“We’ve been lied to.” I whispered those words to my son and daughter as they shivered in the high- desert cold in the middle of the night. I had just roused them from their beds and led them outside to view the night sky in southern Utah. We had come there to visit Zion National Park and were staying at a nearby campground. We were also standing in one of the few places in America where you can still see the night sky in nearly pristine condition, uncontaminated by light pollution. The stars had not been depopulated by street lights and porch lights and headlights and neon lights. We could see the hazy band of the Milky Way clearly, and I suddenly realized that I had not seen that in many years. I was not sure my kids had ever seen it.
There were just so many stars!
When the kids were very young, I had brought them out into our driveway one night and explained that billions of stars filled the sky. But my words had felt more like an article of faith than a tangible reality. In fact, the suburban star-scape had seemed completely countable. Like strings of white Christmas lights hanging in the rafters of a dimly lit Mexican restaurant. It might take some work, and some sort of system, but you could do it. However, staring up at that night sky in Utah, the claims of astronomers seemed completely credible. Likely even. Even more incredible, that night sky had a sense of depth that is lost in the suburbs. Ceasing to be a flat and featureless boundary layer, it had transformed into a real landscape, a place.
When considering the ancient civilizations and their fascination with the night sky, any modern city dweller or suburbanite might be forgiven for wondering what that was all about. The Egyptians aligned the pyramids with a star formation. The Mayans built celestial observatories. The astrological signs and their corollary constellations stretch all the way back to ancient Mesopotamia. If not earlier. Serpent Mound in Ohio seems to correlate with tracking various objects in the night sky. And arguments have been forwarded regarding the utility of Stonehenge as a kind of celestial calculator. This fixation with the stars, and the monument building that so often accompanied it, is often presented as key evidence by ancient alien astronaut theorists. And the origin myths that imagine our ancestors coming from the sky only seem to confirm those impulses. If nothing else, the ancient fascination with the stars strikes the modern sensibility as strange or unwarranted, even obsessive.
But if we are to have any chance of stepping into the shoes of our ancestors, of understanding what motivated them, then we need an accurate understanding of what they saw. If the ancients had seen the washed-out night sky that most of us see today, it would, indeed, be strange for them to invest their time, scholarship, religious cosmology, and public works in such a scene. However, they enjoyed an open window into the cosmos that most of us rarely see. And after seeing that sky in the American southwest, their attention and veneration seems completely natural.

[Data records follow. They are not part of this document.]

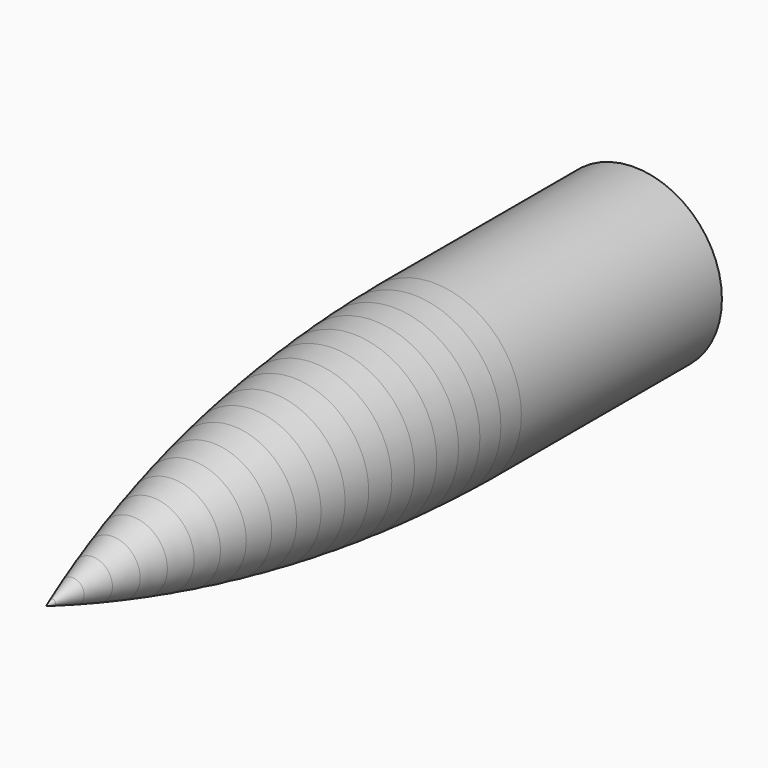
from build123d import *

# Parameters (mm, degrees)
F0_R       = 350
F1_DEPTH   = 100
F1_TAPER   = 1
F1_FACE_R  = 348.2544935072
F2_DEPTH   = 100
F2_TAPER   = 2
F2_FACE_R  = 344.762416558
F3_DEPTH   = 100
F3_TAPER   = 3
F3_FACE_R  = 339.5216386297
F4_DEPTH   = 100
F4_TAPER   = 4
F4_FACE_R  = 332.5289574353
F5_DEPTH   = 100
F5_TAPER   = 5
F5_FACE_R  = 323.7800910828
F6_DEPTH   = 100
F6_TAPER   = 6
F6_FACE_R  = 313.2696675562
F7_DEPTH   = 100
F7_TAPER   = 7
F7_FACE_R  = 300.9912114659
F8_DEPTH   = 100
F8_TAPER   = 8
F8_FACE_R  = 286.9371279957
F9_DEPTH   = 100
F9_TAPER   = 9
F9_FACE_R  = 271.0986839632
F10_DEPTH  = 100
F10_TAPER  = 10
F10_FACE_R = 253.4659858924
F11_DEPTH  = 100
F11_TAPER  = 11
F11_FACE_R = 234.0279549786
F12_DEPTH  = 100
F12_TAPER  = 12
F12_FACE_R = 212.7722988116
F13_DEPTH  = 100
F13_TAPER  = 13
F13_FACE_R = 189.685479699
F14_DEPTH  = 100
F14_TAPER  = 14
F14_FACE_R = 164.7526794147
F15_DEPTH  = 100
F15_TAPER  = 15
F15_FACE_R = 137.9577601716
F16_DEPTH  = 100
F16_TAPER  = 16
F16_FACE_R = 109.2832215957
F17_DEPTH  = 100
F17_TAPER  = 17
F17_FACE_R = 78.7101534499
F18_DEPTH  = 100
F18_TAPER  = 18
F18_FACE_R = 46.2181838266
F19_DEPTH  = 100
F19_TAPER  = 19
F19_FACE_R = 11.7854224976
F21_DEPTH  = 1000


# Not quite as in the source:
# - an extrude whose draft closes it to a point is written as a loft to that point


with BuildPart() as f1:
    # F0 (on Front) → F1 (new body)
    with BuildSketch(Plane.XZ):
        Circle(F0_R)
    extrude(amount=F1_DEPTH, taper=F1_TAPER)

    # F1_face (on face) → F2 (join)
    with BuildSketch(Plane.XZ.offset(100)):
        Circle(F1_FACE_R)
    extrude(amount=F2_DEPTH, taper=F2_TAPER)

    # F2_face (on face) → F3 (join)
    with BuildSketch(Plane.XZ.offset(200)):
        Circle(F2_FACE_R)
    extrude(amount=F3_DEPTH, taper=F3_TAPER)

    # F3_face (on face) → F4 (join)
    with BuildSketch(Plane.XZ.offset(300)):
        Circle(F3_FACE_R)
    extrude(amount=F4_DEPTH, taper=F4_TAPER)

    # F4_face (on face) → F5 (join)
    with BuildSketch(Plane.XZ.offset(400)):
        Circle(F4_FACE_R)
    extrude(amount=F5_DEPTH, taper=F5_TAPER)

    # F5_face (on face) → F6 (join)
    with BuildSketch(Plane.XZ.offset(500)):
        Circle(F5_FACE_R)
    extrude(amount=F6_DEPTH, taper=F6_TAPER)

    # F6_face (on face) → F7 (join)
    with BuildSketch(Plane.XZ.offset(600)):
        Circle(F6_FACE_R)
    extrude(amount=F7_DEPTH, taper=F7_TAPER)

    # F7_face (on face) → F8 (join)
    with BuildSketch(Plane.XZ.offset(700)):
        Circle(F7_FACE_R)
    extrude(amount=F8_DEPTH, taper=F8_TAPER)

    # F8_face (on face) → F9 (join)
    with BuildSketch(Plane.XZ.offset(800)):
        Circle(F8_FACE_R)
    extrude(amount=F9_DEPTH, taper=F9_TAPER)

    # F9_face (on face) → F10 (join)
    with BuildSketch(Plane.XZ.offset(900)):
        Circle(F9_FACE_R)
    extrude(amount=F10_DEPTH, taper=F10_TAPER)

    # F10_face (on face) → F11 (join)
    with BuildSketch(Plane.XZ.offset(1000)):
        Circle(F10_FACE_R)
    extrude(amount=F11_DEPTH, taper=F11_TAPER)

    # F11_face (on face) → F12 (join)
    with BuildSketch(Plane.XZ.offset(1100)):
        Circle(F11_FACE_R)
    extrude(amount=F12_DEPTH, taper=F12_TAPER)

    # F12_face (on face) → F13 (join)
    with BuildSketch(Plane.XZ.offset(1200)):
        Circle(F12_FACE_R)
    extrude(amount=F13_DEPTH, taper=F13_TAPER)

    # F13_face (on face) → F14 (join)
    with BuildSketch(Plane.XZ.offset(1300)):
        Circle(F13_FACE_R)
    extrude(amount=F14_DEPTH, taper=F14_TAPER)

    # F14_face (on face) → F15 (join)
    with BuildSketch(Plane.XZ.offset(1400)):
        Circle(F14_FACE_R)
    extrude(amount=F15_DEPTH, taper=F15_TAPER)

    # F15_face (on face) → F16 (join)
    with BuildSketch(Plane.XZ.offset(1500)):
        Circle(F15_FACE_R)
    extrude(amount=F16_DEPTH, taper=F16_TAPER)

    # F16_face (on face) → F17 (join)
    with BuildSketch(Plane.XZ.offset(1600)):
        Circle(F16_FACE_R)
    extrude(amount=F17_DEPTH, taper=F17_TAPER)

    # F17_face (on face) → F18 (join)
    with BuildSketch(Plane.XZ.offset(1700)):
        Circle(F17_FACE_R)
    extrude(amount=F18_DEPTH, taper=F18_TAPER)

    # F18_face (on face) → F19 (join)
    with BuildSketch(Plane.XZ.offset(1800)):
        Circle(F18_FACE_R)
    extrude(amount=F19_DEPTH, taper=F19_TAPER)

    # F19_face (on face) → F20 section 0
    with BuildSketch(Plane.XZ.offset(1900), mode=Mode.PRIVATE) as f20_s0:
        Circle(F19_FACE_R)
    loft([f20_s0.sketch, Vertex(0, -1932.3801821909, 0)], ruled=True)

    # F21 (add): a face of the model
    f21_faces = [f1.faces().sort_by_distance(p)[0] for p in [
        (0, 0, 0),
    ]]
    extrude(f21_faces, amount=F21_DEPTH)


solid = f1.part

As the sun withdrew each day, the curtain would have risen on a complex and beautiful scene. And almost certainly, from almost the beginning of sentient reflection, men and women would have quickly seen that the pageant was not static. The lights moved. It all moved. The sun, the moon, the intricate patterns of stars. How could you not seek meaning there? How could you not dream of ways to explain it? How could you not wonder if there was causality in those motions? How could you not wonder if Answers (the big kind) lurked within such complexity, especially once you had glimpsed the presence of order, the existence of pattern? In other words, the pristine Utah sky offered a sense of continuity between my modern imagination and the imagination of our ancestors, a kind of intellectual and aesthetic connectedness that is much less accessible wherever light pollution exists.
“We’ve been lied to.” I did not mean those words in an accusatory fashion. I don’t blame Edison and Tesla, nor do I blame all the individuals who enjoy the fruits of electrification. But I did mean it. Upon reflection, I meant that our technological advances have literally obscured our view of the universe (a cruel irony in the age of space exploration) and for the most part, we have not even realized it. Standing in that campground, shivering in the high-desert cold, I saw that we had, one ambient lumen at a time, hid something from ourselves, something that our ancestors had seen every night. We had eroded our visual heritage as planetary travelers without even knowing it.
I miss having access to that night sky. I would like to look up into that sky tonight and feel both inconsequential and part of it all. I would like to feel connected to the human race through both time and space by looking up into a magnificent nightscape and feeling equally awed by it. Of course, memory and imagination can surpass a great many obstacles, but even so, I wish I could see the sky more clearly tonight.